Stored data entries
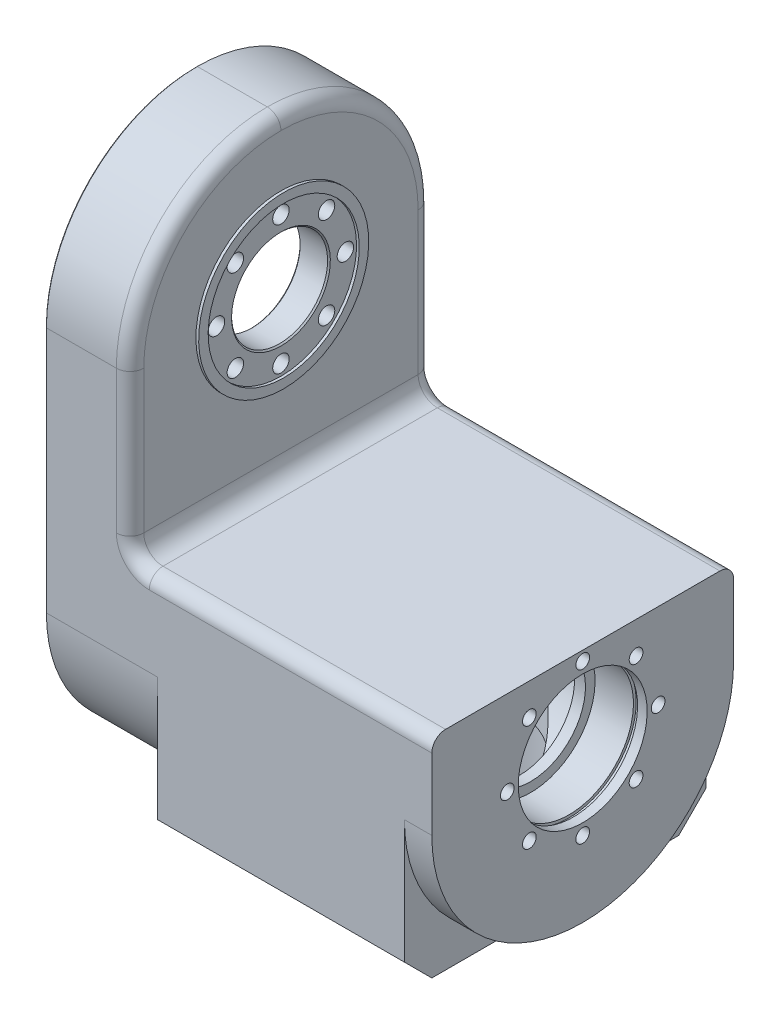
from build123d import *

# Parameters (mm, degrees)
SKETCH_1_W           = 141
SKETCH_1_H           = 200
EXTRUDE_1_DEPTH      = 110
FILLET_1_R           = 55
SKETCH_2_R           = 47.75
CUT_EXTRUDE_1_DEPTH  = 20
SKETCH_4_W           = 126.422893277
SKETCH_4_H           = 119.376822816
CUT_EXTRUDE_3_DEPTH  = 125
FILLET_4_R           = 55
SKETCH_9_R           = 47.75
CUT_EXTRUDE_4_DEPTH  = 20
SKETCH_10_W          = 95.5
SKETCH_10_H          = 90
CUT_EXTRUDE_5_DEPTH  = 20
SKETCH_11_R          = 17.5
CUT_EXTRUDE_6_DEPTH  = 25
CHAMFER_1_SIZE       = 0.5
SKETCH_16_R          = 27.5
CUT_EXTRUDE_12_DEPTH = 165
FILLET_6_R           = 7
SKETCH_17_W          = 110
SKETCH_17_H          = 55
EXTRUDE_2_DEPTH      = 90
SKETCH_18_R          = 27.5
CUT_EXTRUDE_13_DEPTH = 259.342795526
SKETCH_19_R          = 30
CUT_EXTRUDE_14_DEPTH = 50
SKETCH_21_R          = 3
CUT_EXTRUDE_16_DEPTH = 30
SKETCH_22_R          = 5
CUT_EXTRUDE_17_DEPTH = 6
SKETCH_24_R          = 31
SKETCH_24_R_2        = 27.55
EXTRUDE_3_DEPTH      = 1
SKETCH_26_R          = 2
CUT_EXTRUDE_19_DEPTH = 15
SKETCH_27_R          = 31
CUT_EXTRUDE_20_DEPTH = 10
EXTRUDE_START        = -23
SKETCH_28_R          = 27.5
SKETCH_28_R_2        = 23.5
EXTRUDE_4_DEPTH      = 23
SKETCH_30_R          = 23.5
SKETCH_30_R_2        = 20
EXTRUDE_5_DEPTH      = 4
SKETCH_31_R          = 24.5
SKETCH_31_R_2        = 23.5
CUT_EXTRUDE_21_DEPTH = 1.5
SKETCH_32_R          = 34
CUT_EXTRUDE_22_DEPTH = 25
SKETCH_33_R          = 2.5
CUT_EXTRUDE_23_DEPTH = 15
CHAMFER_2_SIZE       = 10
SKETCH_34_R          = 2.5
CUT_EXTRUDE_24_DEPTH = 15
FILLET_7_R           = 5
SKETCH_39_R          = 5
CUT_EXTRUDE_29_DEPTH = 15
SKETCH_40_R          = 2
CUT_EXTRUDE_30_DEPTH = 15
CHAMFER_3_SIZE       = 0.5
CHAMFER_4_SIZE       = 0.5
CHAMFER_5_SIZE       = 0.5
SKETCH_43_R          = 5
CUT_EXTRUDE_32_DEPTH = 10


with BuildPart() as part:
    # 草图1 → 拉伸1 (new body)
    with BuildSketch(Plane.XY):
        with Locations((70.5, -100)):
            Rectangle(SKETCH_1_W, SKETCH_1_H)
    extrude(amount=EXTRUDE_1_DEPTH)

    # 圆角1
    fillet_1_edges = [part.edges().sort_by_distance(p)[0] for p in [
        (70.5, 0, 0),
        (70.5, 0, 110),
    ]]
    fillet(fillet_1_edges, radius=FILLET_1_R - 0.0001)  # a hair under: the kernel refuses the full size

    # 草图2 → 切除-拉伸1 (cut)
    with BuildSketch(Plane.ZY):
        with Locations(Location((55, -55, 0), (0, 0, 270))):
            Circle(SKETCH_2_R)
    extrude(amount=-CUT_EXTRUDE_1_DEPTH, mode=Mode.SUBTRACT)

    # 草图4 → 切除-拉伸3 (cut)
    with BuildSketch(Plane.XY.offset(110)):
        with Locations((94.211446639, -54.311588592)):
            Rectangle(SKETCH_4_W, SKETCH_4_H)
    extrude(amount=-CUT_EXTRUDE_3_DEPTH, mode=Mode.SUBTRACT)

    # 圆角4
    fillet_4_edges = [part.edges().sort_by_distance(p)[0] for p in [
        (70.5, -200, 110),
        (70.5, -200, 0),
    ]]
    fillet(fillet_4_edges, radius=FILLET_4_R - 0.0001)  # a hair under: the kernel refuses the full size

    # 草图9 → 切除-拉伸4 (cut)
    with BuildSketch(Plane.ZY):
        with Locations((55, -145)):
            Circle(SKETCH_9_R)
    extrude(amount=-CUT_EXTRUDE_4_DEPTH, mode=Mode.SUBTRACT)

    # 草图10 → 切除-拉伸5 (cut)
    with BuildSketch(Plane.ZY):
        with Locations((55, -100)):
            Rectangle(SKETCH_10_W, SKETCH_10_H)
    extrude(amount=-CUT_EXTRUDE_5_DEPTH, mode=Mode.SUBTRACT)

    # 草图11 → 切除-拉伸6 (cut)
    with BuildSketch(Plane.ZY.offset(-20)):
        with Locations(Location((55, -55, 0), (0, 0, 270))):
            Circle(SKETCH_11_R)
    extrude(amount=-CUT_EXTRUDE_6_DEPTH, mode=Mode.SUBTRACT)

    # 倒角1
    chamfer_1_edges = [part.edges().sort_by_distance(p)[0] for p in [
        (0, -100, 0),
        (0, -100, 110),
        (0, -16.109097745, 93.890902255),
        (0, -16.109097745, 16.109097745),
        (0, -183.890902255, 16.109097745),
        (0, -183.890902255, 93.890902255),
    ]]
    chamfer(chamfer_1_edges, length=CHAMFER_1_SIZE)

    # 草图16 → 切除-拉伸12 (cut)
    with BuildSketch(Plane.ZY.offset(-20)):
        with Locations(Location((55, -145, 0), (0, 0, 270))):
            Circle(SKETCH_16_R)
    extrude(amount=-CUT_EXTRUDE_12_DEPTH, mode=Mode.SUBTRACT)

    # 圆角6
    fillet_6_edges = [part.edges().sort_by_distance(p)[0] for p in [
        (31, -114, 55),
    ]]
    fillet(fillet_6_edges, radius=FILLET_6_R)

    # 草图17 → 拉伸2 (add)
    with BuildSketch(Plane(origin=(131, 0, 0), x_dir=(0, 0, -1), z_dir=(1, 0, 0))):
        with Locations((-55, -172.5)):
            Rectangle(SKETCH_17_W, SKETCH_17_H)
    extrude(amount=-EXTRUDE_2_DEPTH)

    # 草图18 → 切除-拉伸13 (cut, through all)
    with BuildSketch(Plane.ZY.offset(-20)):
        with Locations(Location((55, -145, 0), (0, 0, 270))):
            Circle(SKETCH_18_R)
    extrude(amount=-CUT_EXTRUDE_13_DEPTH, mode=Mode.SUBTRACT)

    # 草图19 → 切除-拉伸14 (cut)
    with BuildSketch(Plane.XZ.offset(200)):
        with Locations((86, 55)):
            Circle(SKETCH_19_R)
    extrude(amount=-CUT_EXTRUDE_14_DEPTH, mode=Mode.SUBTRACT)

    # 草图21 → 切除-拉伸16 (cut)
    with BuildSketch(Plane.ZY.offset(-20)):
        with Locations(Location((55, -31.5, 0), (0, 0, 270))):
            Circle(SKETCH_21_R)
        with Locations(Location((71.617009358, -38.382990642, 0), (0, 0, 270))):
            Circle(SKETCH_21_R)
        with Locations(Location((78.5, -55, 0), (0, 0, 270))):
            Circle(SKETCH_21_R)
        with Locations(Location((71.617009358, -71.617009358, 0), (0, 0, 270))):
            Circle(SKETCH_21_R)
        with Locations(Location((55, -78.5, 0), (0, 0, 270))):
            Circle(SKETCH_21_R)
        with Locations(Location((38.382990642, -71.617009358, 0), (0, 0, 270))):
            Circle(SKETCH_21_R)
        with Locations(Location((31.5, -55, 0), (0, 0, 270))):
            Circle(SKETCH_21_R)
        with Locations(Location((38.382990642, -38.382990642, 0), (0, 0, 270))):
            Circle(SKETCH_21_R)
    extrude(amount=-CUT_EXTRUDE_16_DEPTH, mode=Mode.SUBTRACT)

    # 草图22 → 切除-拉伸17 (cut)
    with BuildSketch(Plane.ZY.offset(-20)):
        with Locations(Location((55, -31.5, 0), (0, 0, 270))):
            Circle(SKETCH_22_R)
        with Locations(Location((71.617009358, -38.382990642, 0), (0, 0, 270))):
            Circle(SKETCH_22_R)
        with Locations(Location((78.5, -55, 0), (0, 0, 270))):
            Circle(SKETCH_22_R)
        with Locations(Location((71.617009358, -71.617009358, 0), (0, 0, 270))):
            Circle(SKETCH_22_R)
        with Locations(Location((55, -78.5, 0), (0, 0, 270))):
            Circle(SKETCH_22_R)
        with Locations(Location((38.382990642, -71.617009358, 0), (0, 0, 270))):
            Circle(SKETCH_22_R)
        with Locations(Location((31.5, -55, 0), (0, 0, 270))):
            Circle(SKETCH_22_R)
        with Locations(Location((38.382990642, -38.382990642, 0), (0, 0, 270))):
            Circle(SKETCH_22_R)
    extrude(amount=-CUT_EXTRUDE_17_DEPTH, mode=Mode.SUBTRACT)

    # 草图24 → 拉伸3 (add)
    with BuildSketch(Plane(origin=(31, 0, 0), x_dir=(0, 0, -1), z_dir=(1, 0, 0))):
        with Locations(Location((-55, -55, 0), (0, 0, 270))):
            Circle(SKETCH_24_R)
        with Locations(Location((-55, -55, 0), (0, 0, 90))):
            Circle(SKETCH_24_R_2, mode=Mode.SUBTRACT)
    extrude(amount=EXTRUDE_3_DEPTH)

    # 草图26 → 切除-拉伸19 (cut)
    with BuildSketch(Plane.ZY):
        with Locations(Location((106, -145, 0), (0, 0, 180))):
            Circle(SKETCH_26_R)
        with Locations(Location((106, -55, 0), (0, 0, 180))):
            Circle(SKETCH_26_R)
        with Locations((55, -4)):
            Circle(SKETCH_26_R)
        with Locations((4, -55)):
            Circle(SKETCH_26_R)
        with Locations((4, -145)):
            Circle(SKETCH_26_R)
        with Locations((55, -196)):
            Circle(SKETCH_26_R)
    extrude(amount=-CUT_EXTRUDE_19_DEPTH, mode=Mode.SUBTRACT)

    # 草图27 → 切除-拉伸20 (cut)
    with BuildSketch(Plane.ZY.offset(-20)):
        with Locations(Location((55, -145, 0), (0, 0, 270))):
            Circle(SKETCH_27_R)
    extrude(amount=-CUT_EXTRUDE_20_DEPTH, mode=Mode.SUBTRACT)

    # 草图28 → 拉伸4 (add)
    with BuildSketch(Plane(origin=(141, 0, 0), x_dir=(0, 0, -1), z_dir=(1, 0, 0)).offset(EXTRUDE_START)):
        with Locations(Location((-55, -145, 0), (0, 0, 270))):
            Circle(SKETCH_28_R)
        with Locations(Location((-55, -145, 0), (0, 0, 90))):
            Circle(SKETCH_28_R_2, mode=Mode.SUBTRACT)
    extrude(amount=EXTRUDE_4_DEPTH)

    # 草图30 → 拉伸5 (add)
    with BuildSketch(Plane.ZY.offset(-118)):
        with Locations(Location((55, -145, 0), (0, 0, 90))):
            Circle(SKETCH_30_R)
        with Locations(Location((55, -145, 0), (0, 0, 270))):
            Circle(SKETCH_30_R_2, mode=Mode.SUBTRACT)
    extrude(amount=-EXTRUDE_5_DEPTH)

    # 草图31 → 切除-拉伸21 (cut)
    with BuildSketch(Plane(origin=(136, 0, 0), x_dir=(0, 0, -1), z_dir=(1, 0, 0))):
        with Locations(Location((-55, -145, 0), (0, 0, 90))):
            Circle(SKETCH_31_R)
        with Locations(Location((-55, -145, 0), (0, 0, 90))):
            Circle(SKETCH_31_R_2, mode=Mode.SUBTRACT)
    extrude(amount=CUT_EXTRUDE_21_DEPTH, mode=Mode.SUBTRACT)

    # 草图32 → 切除-拉伸22 (cut)
    with BuildSketch(Plane.XZ.offset(200)):
        with Locations((86, 55)):
            Circle(SKETCH_32_R)
    extrude(amount=-CUT_EXTRUDE_22_DEPTH, mode=Mode.SUBTRACT)

    # 草图33 → 切除-拉伸23 (cut)
    with BuildSketch(Plane.XZ.offset(200)):
        with Locations((86, 95)):
            Circle(SKETCH_33_R)
        with Locations((114.284271247, 83.284271247)):
            Circle(SKETCH_33_R)
        with Locations((126, 55)):
            Circle(SKETCH_33_R)
        with Locations((114.284271247, 26.715728753)):
            Circle(SKETCH_33_R)
        with Locations((86, 15)):
            Circle(SKETCH_33_R)
        with Locations((57.715728753, 26.715728753)):
            Circle(SKETCH_33_R)
        with Locations((46, 55)):
            Circle(SKETCH_33_R)
        with Locations((57.715728753, 83.284271247)):
            Circle(SKETCH_33_R)
    extrude(amount=-CUT_EXTRUDE_23_DEPTH, mode=Mode.SUBTRACT)

    # 倒角2
    chamfer_2_edges = [part.edges().sort_by_distance(p)[0] for p in [
        (86, -200, 0),
        (86, -200, 110),
    ]]
    chamfer(chamfer_2_edges, length=CHAMFER_2_SIZE)

    # 草图34 → 切除-拉伸24 (cut)
    with BuildSketch(Plane(origin=(141, 0, 0), x_dir=(0, 0, -1), z_dir=(1, 0, 0))):
        with Locations(Location((-55, -172.5, 0), (0, 0, 90))):
            Circle(SKETCH_34_R)
        with Locations(Location((-74.445436483, -164.445436483, 0), (0, 0, 90))):
            Circle(SKETCH_34_R)
        with Locations(Location((-82.5, -145, 0), (0, 0, 90))):
            Circle(SKETCH_34_R)
        with Locations(Location((-74.445436483, -125.554563517, 0), (0, 0, 90))):
            Circle(SKETCH_34_R)
        with Locations(Location((-55, -117.5, 0), (0, 0, 90))):
            Circle(SKETCH_34_R)
        with Locations(Location((-35.554563517, -125.554563517, 0), (0, 0, 90))):
            Circle(SKETCH_34_R)
        with Locations(Location((-27.5, -145, 0), (0, 0, 90))):
            Circle(SKETCH_34_R)
        with Locations(Location((-35.554563517, -164.445436483, 0), (0, 0, 90))):
            Circle(SKETCH_34_R)
    extrude(amount=-CUT_EXTRUDE_24_DEPTH, mode=Mode.SUBTRACT)

    # 圆角7
    fillet_7_edges = [part.edges().sort_by_distance(p)[0] for p in [
        (89.5, -114, 0),
        (89.5, -114, 110),
        (33.050252532, -111.949747468, 110),
        (33.050252532, -111.949747468, 0),
        (31, -16.109097745, 16.109097745),
        (31, -80.99995, 110),
        (31, -80.99995, 0),
        (31, -16.109097745, 93.890902255),
    ]]
    fillet(fillet_7_edges, radius=FILLET_7_R)

    # 草图39 → 切除-拉伸29 (cut)
    with BuildSketch(Plane(origin=(0, 0, 0), x_dir=(-1, 0, 0), z_dir=(0, 0, -1))):
        with Locations((-86, -145)):
            Circle(SKETCH_39_R)
    extrude(amount=-CUT_EXTRUDE_29_DEPTH, mode=Mode.SUBTRACT)

    # 草图40 → 切除-拉伸30 (cut)
    with BuildSketch(Plane(origin=(0, 0, 15), x_dir=(-1, 0, 0), z_dir=(0, 0, -1))):
        with Locations((-86, -145)):
            Circle(SKETCH_40_R)
    extrude(amount=-CUT_EXTRUDE_30_DEPTH, mode=Mode.SUBTRACT)

    # 倒角3
    chamfer_3_edges = [part.edges().sort_by_distance(p)[0] for p in [
        (52, -200, 55),
    ]]
    chamfer(chamfer_3_edges, length=CHAMFER_3_SIZE)

    # 倒角4
    chamfer_4_edges = [part.edges().sort_by_distance(p)[0] for p in [
        (20, -114, 55),
        (30, -117.5, 55),
    ]]
    chamfer(chamfer_4_edges, length=CHAMFER_4_SIZE)

    # 倒角5
    chamfer_5_edges = [part.edges().sort_by_distance(p)[0] for p in [
        (31, -37.5, 55),
        (20, -37.5, 55),
    ]]
    chamfer(chamfer_5_edges, length=CHAMFER_5_SIZE)

    # 草图43 → 切除-拉伸32 (cut)
    with BuildSketch(Plane(origin=(0, 0, 0), x_dir=(-1, 0, 0), z_dir=(0, 0, -1))):
        with Locations((-10, -100)):
            Circle(SKETCH_43_R)
    extrude(amount=-CUT_EXTRUDE_32_DEPTH, mode=Mode.SUBTRACT)


solid = part.part

• _BRIEF_
For this exercise, output exactly the lines above from the line with "CUT_EXTRUDE_12_DEPTH = 165" to the line with "CUT_EXTRUDE_20_DEPTH = 10", counting both, and leave out the rest.

• _REPLY_
CUT_EXTRUDE_12_DEPTH = 165
FILLET_6_R           = 7
SKETCH_17_W          = 110
SKETCH_17_H          = 55
EXTRUDE_2_DEPTH      = 90
SKETCH_18_R          = 27.5
CUT_EXTRUDE_13_DEPTH = 259.342795526
SKETCH_19_R          = 30
CUT_EXTRUDE_14_DEPTH = 50
SKETCH_21_R          = 3
CUT_EXTRUDE_16_DEPTH = 30
SKETCH_22_R          = 5
CUT_EXTRUDE_17_DEPTH = 6
SKETCH_24_R          = 31
SKETCH_24_R_2        = 27.55
EXTRUDE_3_DEPTH      = 1
SKETCH_26_R          = 2
CUT_EXTRUDE_19_DEPTH = 15
SKETCH_27_R          = 31
CUT_EXTRUDE_20_DEPTH = 10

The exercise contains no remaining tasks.